I realize that some code would be appreciated but I cannot dive into this more now.

[huhabla]

Replying to wenzeslaus:

Replying to glynn:

Replying to zarch:

Or as already suggested by Glynn (#1646) wrap the G_add_error_handler,

Using an error handler allows you to avoid process termination. But once a fatal error has occurred, you cannot safely call any GRASS function; doing so may well result in a segfault.

One of the issues which G_add_error_handler is trying to solve is to provide meaningful error message to the user. For example, failing to open some temporary file causes exit with "No such file /tmp/kjewbf8d38dj". This does not help user nor programmer to understand that the error occurred (when does this happened, what is the stack trace, what are consequences and what are suggestions to solve it). In other words, sometimes the message provided by G_fatal_error caller is too low level.

Python RPCServer with wrapper functions throwing exceptions would help to solve this issue. But it seems to me that #1646 remains valid for pyGRASS (and possibly others) and C code itself.

I have re-designed the RPC interface, now the Python function wrapper will return an exception and the result of the function calls, so that the RPC server interface that provides the call() functions can raise these exceptions (exceptions raised in the subprocess will kill the subprocess and will not be catch'd in the parent process). Hence, the Python wrapper functions transform the C-function return values into meaningful exceptions that will be raised in the parent process.

While re-designing i concluded that a no wait function call call_no_wait() is not meaningful when mixed with calls that wait to receive data. There is only a limited number of C-functions that do not return values or return states. It is better to wait for a function call to finish, than risking a race condition in case a fatal error occur'd meanwhile. An exception is the messaging interface, which should stay as is.

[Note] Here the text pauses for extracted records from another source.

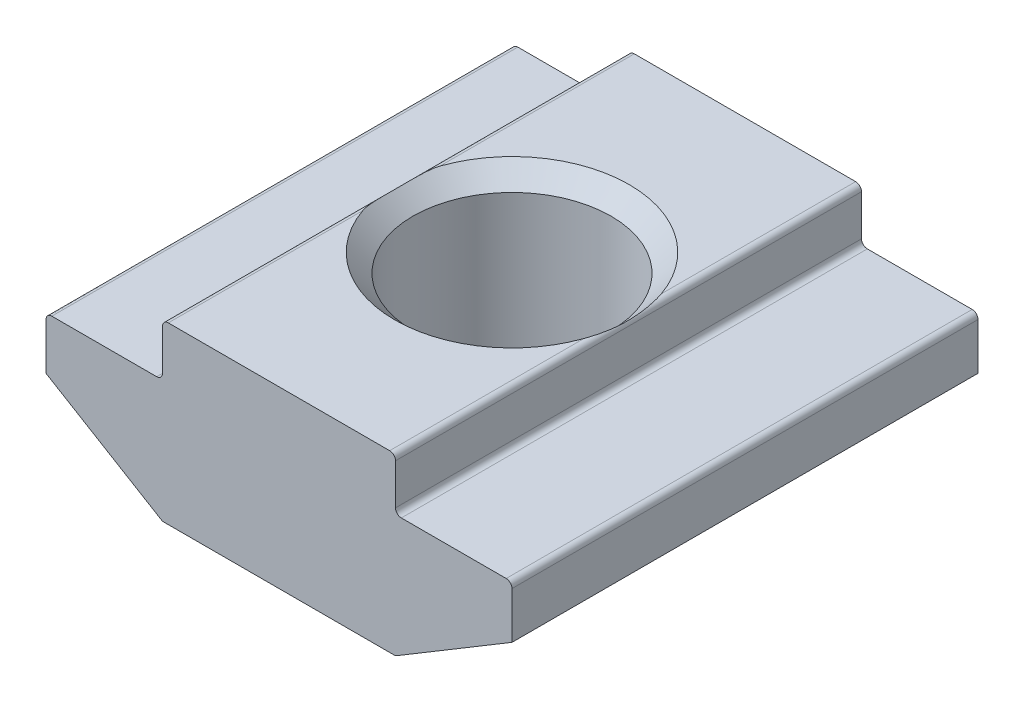
ISO-10303-21;
HEADER;
FILE_DESCRIPTION(('STEP AP214'),'2;1');
FILE_NAME('part.step','',(''),(''),'','','');
FILE_SCHEMA(('AUTOMOTIVE_DESIGN { 1 0 10303 214 1 1 1 1 }'));
ENDSEC;
DATA;
#1=APPLICATION_CONTEXT('core data for automotive mechanical design processes');
#2=APPLICATION_PROTOCOL_DEFINITION('international standard','automotive_design',2000,#1);
#3=PRODUCT_CONTEXT('',#1,'mechanical');
#4=PRODUCT('Part','Part','',(#3));
#5=PRODUCT_RELATED_PRODUCT_CATEGORY('part','',(#4));
#6=PRODUCT_DEFINITION_FORMATION('','',#4);
#7=PRODUCT_DEFINITION_CONTEXT('part definition',#1,'design');
#8=PRODUCT_DEFINITION('design','',#6,#7);
#9=PRODUCT_DEFINITION_SHAPE('','',#8);
#10=(LENGTH_UNIT() NAMED_UNIT(*) SI_UNIT(.MILLI.,.METRE.));
#11=(NAMED_UNIT(*) PLANE_ANGLE_UNIT() SI_UNIT($,.RADIAN.));
#12=(NAMED_UNIT(*) SI_UNIT($,.STERADIAN.) SOLID_ANGLE_UNIT());
#13=UNCERTAINTY_MEASURE_WITH_UNIT(LENGTH_MEASURE(1.E-05),#10,'distance_accuracy_value','');
#14=(GEOMETRIC_REPRESENTATION_CONTEXT(3) GLOBAL_UNCERTAINTY_ASSIGNED_CONTEXT((#13)) GLOBAL_UNIT_ASSIGNED_CONTEXT((#10,
#11,#12)) REPRESENTATION_CONTEXT('',''));
#15=CARTESIAN_POINT('',(0.,0.,0.));
#16=DIRECTION('',(0.,0.,1.));
#17=DIRECTION('',(1.,0.,0.));
#18=AXIS2_PLACEMENT_3D('',#15,#16,#17);
#19=CARTESIAN_POINT('',(-4.,-6.,8.));
#20=DIRECTION('',(0.,1.,0.));
#21=DIRECTION('',(0.,0.,1.));
#22=AXIS2_PLACEMENT_3D('',#19,#20,#21);
#23=PLANE('',#22);
#24=DIRECTION('',(1.,0.,0.));
#25=VECTOR('',#24,1.);
#26=CARTESIAN_POINT('',(-4.,-6.,-8.));
#27=LINE('',#26,#25);
#28=CARTESIAN_POINT('',(-3.94460320701031,-6.,-8.));
#29=VERTEX_POINT('',#28);
#30=CARTESIAN_POINT('',(3.94460320701031,-6.,-8.));
#31=VERTEX_POINT('',#30);
#32=EDGE_CURVE('E244',#29,#31,#27,.T.);
#33=ORIENTED_EDGE('',*,*,#32,.T.);
#34=DIRECTION('',(0.,0.,-1.));
#35=VECTOR('',#34,1.);
#36=CARTESIAN_POINT('',(3.94460320701031,-6.,-4.40022822840348));
#37=LINE('',#36,#35);
#38=CARTESIAN_POINT('',(3.94460320701031,-6.,-0.800456456806965));
#39=VERTEX_POINT('',#38);
#40=EDGE_CURVE('E285',#31,#39,#37,.F.);
#41=ORIENTED_EDGE('',*,*,#40,.T.);
#42=CARTESIAN_POINT('',(0.,-6.,0.));
#43=DIRECTION('',(0.,1.,0.));
#44=DIRECTION('',(0.,0.,1.));
#45=AXIS2_PLACEMENT_3D('',#42,#43,#44);
#46=CIRCLE('',#45,4.025);
#47=CARTESIAN_POINT('',(-3.94460320701031,-6.,-0.800456456806965));
#48=VERTEX_POINT('',#47);
#49=EDGE_CURVE('E266',#39,#48,#46,.T.);
#50=ORIENTED_EDGE('',*,*,#49,.T.);
#51=DIRECTION('',(0.,0.,-1.));
#52=VECTOR('',#51,1.);
#53=CARTESIAN_POINT('',(-3.94460320701031,-6.,-4.40022822840348));
#54=LINE('',#53,#52);
#55=EDGE_CURVE('E283',#48,#29,#54,.T.);
#56=ORIENTED_EDGE('',*,*,#55,.T.);
#57=EDGE_LOOP('',(#33,#41,#50,#56));
#58=FACE_BOUND('',#57,.T.);
#59=ADVANCED_FACE('F37',(#58),#23,.F.);
#60=CARTESIAN_POINT('',(4.,0.,8.));
#61=DIRECTION('',(0.,-1.,0.));
#62=DIRECTION('',(1.,0.,0.));
#63=AXIS2_PLACEMENT_3D('',#60,#61,#62);
#64=PLANE('',#63);
#65=CARTESIAN_POINT('',(0.,0.,0.));
#66=DIRECTION('',(0.,1.,0.));
#67=DIRECTION('',(0.,0.,1.));
#68=AXIS2_PLACEMENT_3D('',#65,#66,#67);
#69=CIRCLE('',#68,4.025);
#70=CARTESIAN_POINT('',(3.8,0.,-1.32688545097156));
#71=VERTEX_POINT('',#70);
#72=CARTESIAN_POINT('',(-3.8,0.,-1.32688545097156));
#73=VERTEX_POINT('',#72);
#74=EDGE_CURVE('E267',#71,#73,#69,.T.);
#75=ORIENTED_EDGE('',*,*,#74,.F.);
#76=DIRECTION('',(0.,0.,-1.));
#77=VECTOR('',#76,1.);
#78=CARTESIAN_POINT('',(3.8,0.,-4.66344272548578));
#79=LINE('',#78,#77);
#80=CARTESIAN_POINT('',(3.8,0.,-8.));
#81=VERTEX_POINT('',#80);
#82=EDGE_CURVE('E482',#71,#81,#79,.T.);
#83=ORIENTED_EDGE('',*,*,#82,.T.);
#84=DIRECTION('',(-1.,0.,0.));
#85=VECTOR('',#84,1.);
#86=CARTESIAN_POINT('',(4.,0.,-8.));
#87=LINE('',#86,#85);
#88=CARTESIAN_POINT('',(-3.8,0.,-8.));
#89=VERTEX_POINT('',#88);
#90=EDGE_CURVE('E258',#81,#89,#87,.T.);
#91=ORIENTED_EDGE('',*,*,#90,.T.);
#92=DIRECTION('',(0.,0.,-1.));
#93=VECTOR('',#92,1.);
#94=CARTESIAN_POINT('',(-3.8,0.,-4.66344272548578));
#95=LINE('',#94,#93);
#96=EDGE_CURVE('E52',#89,#73,#95,.F.);
#97=ORIENTED_EDGE('',*,*,#96,.T.);
#98=EDGE_LOOP('',(#75,#83,#91,#97));
#99=FACE_BOUND('',#98,.T.);
#100=ADVANCED_FACE('F322',(#99),#64,.F.);
#101=DIRECTION('',(-1.,0.,0.));
#102=VECTOR('',#101,1.);
#103=CARTESIAN_POINT('',(4.,0.,8.));
#104=LINE('',#103,#102);
#105=CARTESIAN_POINT('',(3.8,0.,8.));
#106=VERTEX_POINT('',#105);
#107=CARTESIAN_POINT('',(-3.8,0.,8.));
#108=VERTEX_POINT('',#107);
#109=EDGE_CURVE('E231',#106,#108,#104,.T.);
#110=ORIENTED_EDGE('',*,*,#109,.F.);
#111=DIRECTION('',(0.,0.,-1.));
#112=VECTOR('',#111,1.);
#113=CARTESIAN_POINT('',(3.8,0.,8.));
#114=LINE('',#113,#112);
#115=CARTESIAN_POINT('',(3.8,0.,1.32688545097156));
#116=VERTEX_POINT('',#115);
#117=EDGE_CURVE('E416',#106,#116,#114,.T.);
#118=ORIENTED_EDGE('',*,*,#117,.T.);
#119=CARTESIAN_POINT('',(-3.8,0.,1.32688545097156));
#120=VERTEX_POINT('',#119);
#121=EDGE_CURVE('E209',#120,#116,#69,.T.);
#122=ORIENTED_EDGE('',*,*,#121,.F.);
#123=DIRECTION('',(0.,0.,-1.));
#124=VECTOR('',#123,1.);
#125=CARTESIAN_POINT('',(-3.8,0.,8.));
#126=LINE('',#125,#124);
#127=EDGE_CURVE('E414',#120,#108,#126,.F.);
#128=ORIENTED_EDGE('',*,*,#127,.T.);
#129=EDGE_LOOP('',(#110,#118,#122,#128));
#130=FACE_BOUND('',#129,.T.);
#131=ADVANCED_FACE('F325',(#130),#64,.F.);
#132=CARTESIAN_POINT('',(-4.,0.,8.));
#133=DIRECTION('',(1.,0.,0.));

However, maybe two RPC interfaces are meaningful: one that waits for functions to return (expecting return values including exceptions) and one that does not wait?

Replying to huhabla:

In my opinion the RPC approach is only meaningful for persistent applications that need fast access to C-library functions, or that need low level API access for data modification (like digitizing).

And this is not only vector and raster digitizing, this is also new scatter plot tool and in fact the whole g.gui.iclass, nviz (which is unfortunately more complicated) and of course everything temporal-related (everything started to be temporal-related).

My intention to write the RPC server was to make the temporal framework usable in persistent applications and to be as fast as possible.

I'm not sure how the speed of RPCServer compares to module call but the speed is not the only advantage. Fine control of what is called and a smoother interface (possibly, depending on wrappers) is the other advantage. Calling subprocess from GUI for every single task and parsing its output is cumbersome.

I have added benchmark runs to the rpc server script, to get an idea what the performance loss and gain of the RPC interface is:

GRASS 7.0.svn (Test XY):~ > python c_library_interface.py 
##############################################################
TESTS
ERROR: A fatal error
WARNING:root:Needed to restart the rpc server
ERROR: A fatal error
WARNING:root:Needed to restart the rpc server
##############################################################
##############################################################
Raster map exists benchmark
Time to call 1000 functions directly: 0.017043s
Time to call 1000 functions via RPC: 0.178600s
Time to perform 1000 g.findfile module runs: 30.343877s
##############################################################
##############################################################
Raster map info benchmark
Time to call 10000 functions directly: 0.856104s
Time to call 10000 functions via RPC: 7.189188s
Time to perform 10000 r.info module runs: 120.261683s
##############################################################

As you can see the RPC interface is for the two tested functions about 10 times slower then the direct Python function calls that wrap the GRASS C-functions. But the RPC interface is about 17 to 600 times faster then using the grass.script interface that calls GRASS modules (g.findfile and r.info).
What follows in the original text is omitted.